CHICAGO—After mastectomy, radiation treatment of the internal mammary lymph nodes does not improve the long-term survival rates of breast cancer patients, researchers report.
After 10 years, there was no difference in survival rates between women who underwent internal mammary chain radiation treatment (IMC-RT) and with those who did not, said Pascale Romestaing, MD, a radiation oncologist at Centre de Radiothérapie Mermoz in Lyon, France.
Some retrospective studies have shown that internal mammary chain radiation treatment is not effective, while others have shown that it is effective, she said in her talk here at the plenary session of the American Society for Radiation Oncology (ASTRO) Annual Meeting.
“Now, for the first time, we have a randomized controlled study that answers the important question of whether radiation treatment to the hard-to-treat internal mammary chain lymph nodes benefits patients,” she said.
The study involved 1,334 patients with newly diagnosed Stages I or II breast cancer that had spread to the axillary lymph nodes or whose original tumor was in an internal location in the breast area.
After mastectomy, all the patients received radiation to the chest wall and supraclavicular lymph nodes. Then, half were randomly assigned to specialized IMC-RT.

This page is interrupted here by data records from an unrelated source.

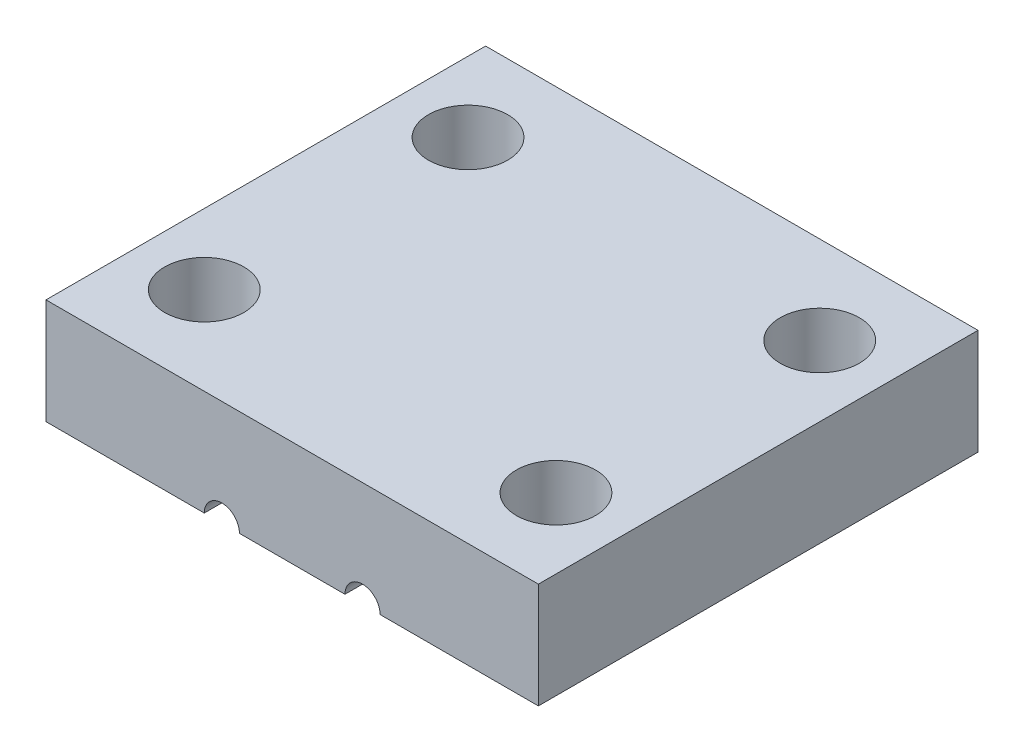
SolidWorks part; units mm, degrees
ref_plane "Front Plane" through (0, 0, 0) normal (0, 0, 1) x (1, 0, 0)
ref_plane "Top Plane" through (0, 0, 0) normal (0, 1, 0) x (1, 0, 0)
ref_plane "Right Plane" through (0, 0, 0) normal (1, 0, 0) x (0, 0, -1)
sketch "Sketch1" plane through (0, 0, 0) normal (0, 0, 1) x (1, 0, 0)
  line L0 (-14, 0) -> (14, 0)
  line L1 (-14, 0) -> (-14, 6)
  line L2 (-14, 6) -> (14, 6)
  line L3 (14, 6) -> (14, 0)
  dimension "D1" = 28
  dimension "D2" = 6
extrude "Boss-Extrude1" add sketch "Sketch1" along normal mid plane 25
sketch "Sketch2" plane through (0, 0, 12.5) normal (0, 0, 1) x (1, 0, 0)
  line L0 (-14, 0) -> (14, 0) construction
  line L1 (-4, 0) -> (4, 0) construction
  circle A0 centre (-4, 0) radius 1
  circle A1 centre (4, 0) radius 1
  dimension "D1" = 8
  dimension "D2" = 2
extrude "Cut-Extrude1" cut sketch "Sketch2" against normal blind 435
sketch "Sketch3" plane through (0, 6, 0) normal (0, 1, 0) x (1, 0, 0)
  line L1 (10, 7.5) -> (-10, 7.5) construction
  line L2 (10, 7.5) -> (10, -7.5) construction
  line L3 (10, -7.5) -> (-10, -7.5) construction
  line L4 (-10, 7.5) -> (-10, -7.5) construction
  line L5 (10, 7.5) -> (-10, -7.5) construction
  line L6 (10, -7.5) -> (-10, 7.5) construction
  circle A0 centre (-10, 7.5) radius 2.25
  circle A1 centre (-10, -7.5) radius 2.25
  circle A2 centre (10, -7.5) radius 2.25
  circle A3 centre (10, 7.5) radius 2.25
  point P0 (0, 0)
  dimension "D3" = 4.5
  dimension "D1" = 15
  dimension "D2" = 20
extrude "Cut-Extrude2" cut sketch "Sketch3" against normal through all

The primary end point of the trial was to define the impact of IMC-RT on the 10-year overall survival rate.
Over a median follow-up period of 8.6 years, 536 of the women died, 370 due to breast cancer.
The 10-year overall survival rate was 62.6% in the group of patients assigned to IMC-RT, compared with 59.4% in the group that was not assigned to IMC-RT, a difference that was not statistically significant, Dr. Romestaing said.
The researchers then performed three subgroup analyses, depending on whether the cancer had spread to lymph nodes; on the site of the original tumor; and on whether they underwent chemotherapy.
There was no significant difference in 10-year survival rates among the two arms in any of the three analyses, she said.
“Importantly, there was no excess of cardiac toxicity associated with IMC-RT after five years of follow-up—specifically, there were seven Grade 3–4 cardiac events in the arm that received IMC-RT vs five in the arm that did not.
The research received consistently high praise from other researchers. ASTRO 2009–2010 President Anthony L. Zietman, MD, the Jenot W. and William U. Shipley Professor of Radiation Oncology at Harvard Medical School, said that although IMC-RT was not associated with excess cardiac toxicity in this trial, “we run the risk of harming lung and heart muscle whenever we radiate lymph nodes inside the chest call.
“Thankfully, we can now leave these nodes alone.”
And ASTRO's Immediate Past President, Tim R. Williams, MD, a private practitioner at Boca Raton Community Hospital, agreed, “This answers a question we've had for a long time: If we don't have to radiate the internal mammary lymph nodes, we can spare the heart.”
Christopher U. Jones, MD, a radiation oncologist at Radiological Associates of Sacramento who also spoke at the Plenary Session, said that “after mastectomy, whether to radiate the internal mammary lymph nodes is always a concern. Now we have an answer: These women do not need additional radiation to these specialized cells.”
The findings, Dr. Zietman said, are in line “with many of the others we are hearing at this year's meeting. This is not a year of blockbusters with new techniques that will blow us all away. It's a year of introspection, where we are learning about areas where we can pull back, reducing the risk of side effects and making radiation treatment most convenient and cost-effective.”